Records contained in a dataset
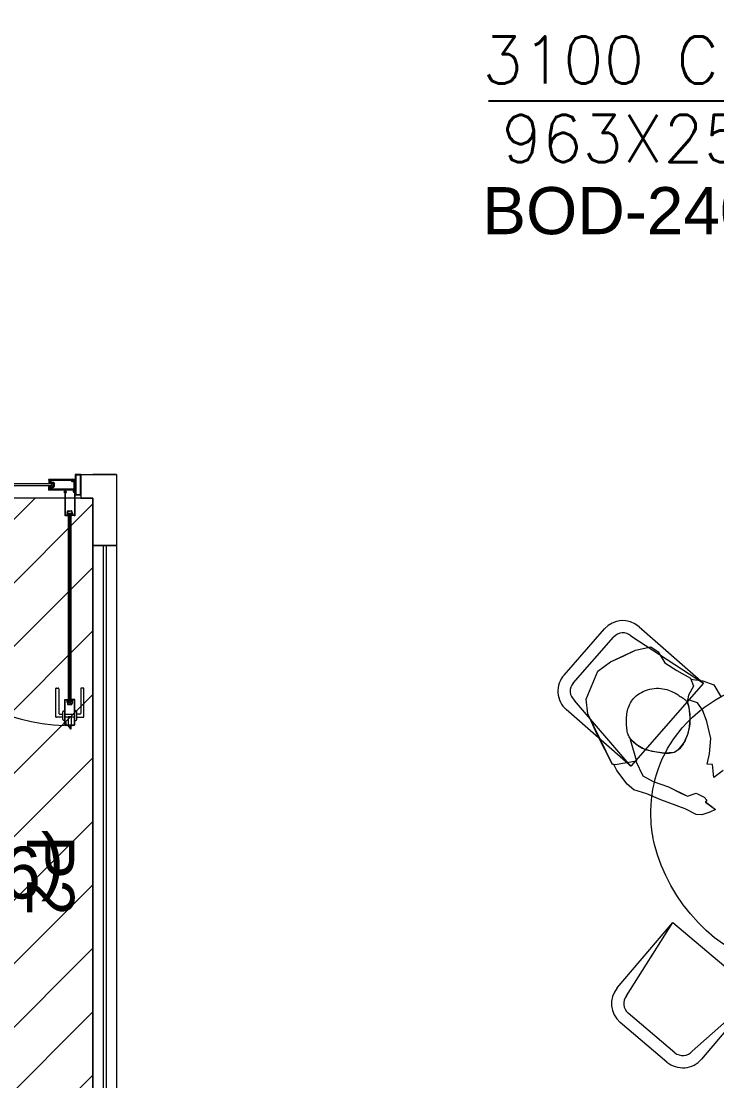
# Model space of a CAD drawing. Header units: millimetres. Extents: x -81374 to 485233, y -39075 to 157313.
# Drawn here: x 34348 to 37298, y 14333 to 18829 of the extents above; entities that cross this region are included whole.
import ezdxf
from ezdxf.enums import TextEntityAlignment as Align

# ---------------------------------------------------------------- set-up
doc = ezdxf.new("R2010")
doc.units = ezdxf.units.MM
for name, color, linetype in [('2', 7, 'Continuous'), ('Hatch 01_UC', 7, 'Continuous'), ('M-HVAC ELLIPTICAL DUCT', 6, 'Continuous'), ('M-HVAC-ELEPTICAL DUCT', 6, 'Continuous'), ('M-HVAC-TEXT', 7, 'Continuous')]:
    doc.layers.add(name, color=color, linetype=linetype)
doc.layers.add('ceiling', color=7, linetype='Continuous', lineweight=5, true_color=0x560d91)
doc.layers.add('G-IMPT', color=8, linetype='Continuous', lineweight=5)
doc.styles.add('Herbalife_Third Floor - Furniture Layout - 210201$0$CG', font='GOTHIC.TTF')
doc.styles.add('R', font='romans.shx')
doc.styles.add('ROMAND', font='romand__.ttf')
doc.styles.get("Standard").update_dxf_attribs({"font": 'arial.ttf'})
doc.dimstyles.new('Vayucon', dxfattribs={"dimtxt": 200, "dimasz": 150, "dimexe": 0, "dimexo": 0, "dimgap": 9e-05, "dimtad": 1, "dimdec": 0, "dimrnd": 5, "dimzin": 0, "dimdsep": 46, "dimtxsty": 'ROMAND', "dimcen": 90, "dimclre": 99, "dimclrt": 7, "dimadec": 0, "dimazin": 0, "dimtfac": 1, "dimtdec": 0, "dimtofl": 0, "dimtmove": 1, "dimatfit": 3, "dimfxl": 1, "dimtolj": 1, "dimtzin": 0, "dimarcsym": 0})

# ---------------------------------------------------------------- blocks, each defined once
blk = doc.blocks.new('A$C4A242C7C')
at = {"layer": '2', "color": 6, "linetype": 'Continuous'}
for p, q in [((0, 4), (0, 115.4)), ((0.4, 115.8), (0.6, 115.8)), ((1.4, 115), (13, 115)), ((2, 113), (10.5, 113)), ((2, 4), (2, 113)), ((10.5, 103.9), (10.5, 113)), ((10.6, 103.4), (12.8, 95.2)), ((14, 111.3), (12.5, 111.3)), ((12.5, 104.8), (12.5, 111.3)), ((14, 104.8), (12.5, 104.8)), ((14.8, 103.8), (12.5, 103.8)), ((12.5, 103.8), (14.7, 95.7)), ((13, 115), (13, 112.6)), ((14.7, 112.6), (13, 112.6)), ((14, 110), (14, 111.3)), ((14, 106.1), (14, 104.8)), ((14.3, 109.8), (15, 110)), ((14.3, 106.3), (15, 106.1)), ((14.7, 112.6), (15.2, 110.4)), ((14.7, 95.7), (22.5, 95.7)), ((14.8, 103.8), (15.2, 105.6)), ((30.3, 95.7), (22.5, 95.7)), ((30.3, 112.6), (29.8, 110.4)), ((30.2, 103.8), (29.8, 105.6)), ((30.7, 109.8), (30, 110)), ((30.7, 106.3), (30, 106.1)), ((30.2, 103.8), (32.5, 103.8)), ((32, 112.6), (30.3, 112.6)), ((32.5, 103.8), (30.3, 95.7)), ((31, 111.3), (32.5, 111.3)), ((31, 110), (31, 111.3)), ((31, 106.1), (31, 104.8)), ((31, 104.8), (32.5, 104.8)), ((32, 115), (32, 112.6)), ((43.6, 115), (32, 115)), ((34.4, 103.4), (32.2, 95.2)), ((32.5, 104.8), (32.5, 111.3)), ((34.5, 113), (43, 113)), ((34.5, 103.9), (34.5, 113)), ((43, 14.2), (43, 113)), ((44.6, 115.8), (44.4, 115.8)), ((45, 11.7), (45, 115.4)), ((30.3, 93.7), (14.7, 93.7)), ((4, 2), (41, 2)), ((4, 0), (41, 0)), ((38.5, 8.4), (38.5, 11.7)), ((42.5, 13.7), (40.5, 13.7)), ((40.5, 8.8), (40.5, 11.3)), ((42.5, 6.4), (40.5, 6.4)), ((44, 11.7), (40.9, 11.7)), ((44, 8.4), (40.9, 8.4)), ((43, 4), (43, 5.9)), ((44, 11.6), (44, 11.7)), ((44, 8.4), (44, 8.5)), ((44.4, 11.2), (44.5, 11.2)), ((44.4, 8.9), (44.5, 8.9)), ((45, 4), (45, 8.4))]:
    blk.add_line(p, q, dxfattribs=at)
for centre, radius, start, end in [((0.4, 115.4), 0.4, 90, 180), ((0.6, 115.4), 0.4, 0, 90), ((1.4, 115.4), 0.4, 180, 270), ((12.5, 103.9), 2, 180, 195), ((14.7, 95.7), 2, 195, 270), ((14.2, 110), 0.2, 180, 285), ((14.2, 106.1), 0.2, 75, 180), ((14.8, 110.3), 0.4, 285, 15), ((14.8, 105.7), 0.4, 345, 75), ((30.1, 110.3), 0.4, 165, 255), ((30.1, 105.7), 0.4, 105, 195), ((30.3, 95.7), 2, 270, 345), ((30.8, 110), 0.2, 255, 0), ((30.8, 106.1), 0.2, 0, 105), ((32.5, 103.9), 2, 345, 0), ((43.6, 115.4), 0.4, 270, 0), ((44.4, 115.4), 0.4, 90, 180), ((44.6, 115.4), 0.4, 0, 90), ((4, 4), 4, 180, 270), ((4, 4), 2, 180, 270), ((40.5, 11.7), 2, 90, 180), ((40.5, 8.4), 2, 180, 270), ((40.9, 11.3), 0.4, 90, 180), ((40.9, 8.8), 0.4, 180, 270), ((41, 4), 4, 270, 0), ((41, 4), 2, 270, 0), ((42.5, 14.2), 0.5, 270, 0), ((42.5, 5.9), 0.5, 0, 90), ((44.4, 11.6), 0.4, 180, 270), ((44.4, 8.5), 0.4, 90, 180), ((44.5, 11.7), 0.5, 270, 0), ((44.5, 8.4), 0.5, 0, 90)]:
    blk.add_arc(centre, radius, start, end, dxfattribs=at)
blk = doc.blocks.new('floor plan 1')
at = {"layer": 'G-IMPT', "color": 8, "ltscale": 500}
for p, q in [((23418.8, -55680.5, 0), (23418.8, -52879.4, 0)), ((23462.8, -55680.5, 0), (23462.8, -52879.4, 0)), ((23474.8, -55680.5, 0), (23474.8, -52879.4, 0)), ((23518.8, -55680.5, 0), (23518.8, -52879.4, 0)), ((20702.3, -53778.3), (20937.3, -53500.4)), ((21083.9, -53488.1), (21282.4, -53656)), ((20702.3, -53778.3), (20977, -53534)), ((21050.3, -53527.8), (21248.8, -53695.7)), ((21254.9, -53769), (21059.6, -54080.5)), ((21059.6, -54080.5), (20702.3, -53778.3)), ((21059.6, -54080.5), (20702.3, -53778.3)), ((21294.7, -53802.6), (21059.6, -54080.5)), ((20902.7, -54547.9), (20936.2, -54537)), ((20936.2, -54537), (20960.6, -54538)), ((20960.6, -54538), (21006, -54562)), ((20878.4, -54559.5), (20902.7, -54547.9)), ((20919.9, -54591.2), (20878.4, -54559.5)), ((21006, -54562), (21110.1, -54600.4)), ((20914.5, -54599.9), (20919.9, -54591.2)), ((20926, -54611.6), (20914.5, -54599.9)), ((20960.4, -54629.7), (20926, -54611.6)), ((20997.4, -54615.9), (20960.4, -54629.7)), ((21025.1, -54628.7), (20997.4, -54615.9)), ((21110.1, -54600.4), (21169.4, -54625.8)), ((21169.4, -54625.8), (21224.4, -54643.7)), ((21077.2, -54655.7), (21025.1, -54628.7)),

» **Your instructions**:
Your answer should consist only of the lines above between the line holding "doc.styles.add('R', font='romans.shx')" and the line holding "each defined once", inclusive, each transcribed exactly.

» **Completed task**:
doc.styles.add('R', font='romans.shx')
doc.styles.add('ROMAND', font='romand__.ttf')
doc.styles.get("Standard").update_dxf_attribs({"font": 'arial.ttf'})
doc.dimstyles.new('Vayucon', dxfattribs={"dimtxt": 200, "dimasz": 150, "dimexe": 0, "dimexo": 0, "dimgap": 9e-05, "dimtad": 1, "dimdec": 0, "dimrnd": 5, "dimzin": 0, "dimdsep": 46, "dimtxsty": 'ROMAND', "dimcen": 90, "dimclre": 99, "dimclrt": 7, "dimadec": 0, "dimazin": 0, "dimtfac": 1, "dimtdec": 0, "dimtofl": 0, "dimtmove": 1, "dimatfit": 3, "dimfxl": 1, "dimtolj": 1, "dimtzin": 0, "dimarcsym": 0})

# ---------------------------------------------------------------- blocks, each defined once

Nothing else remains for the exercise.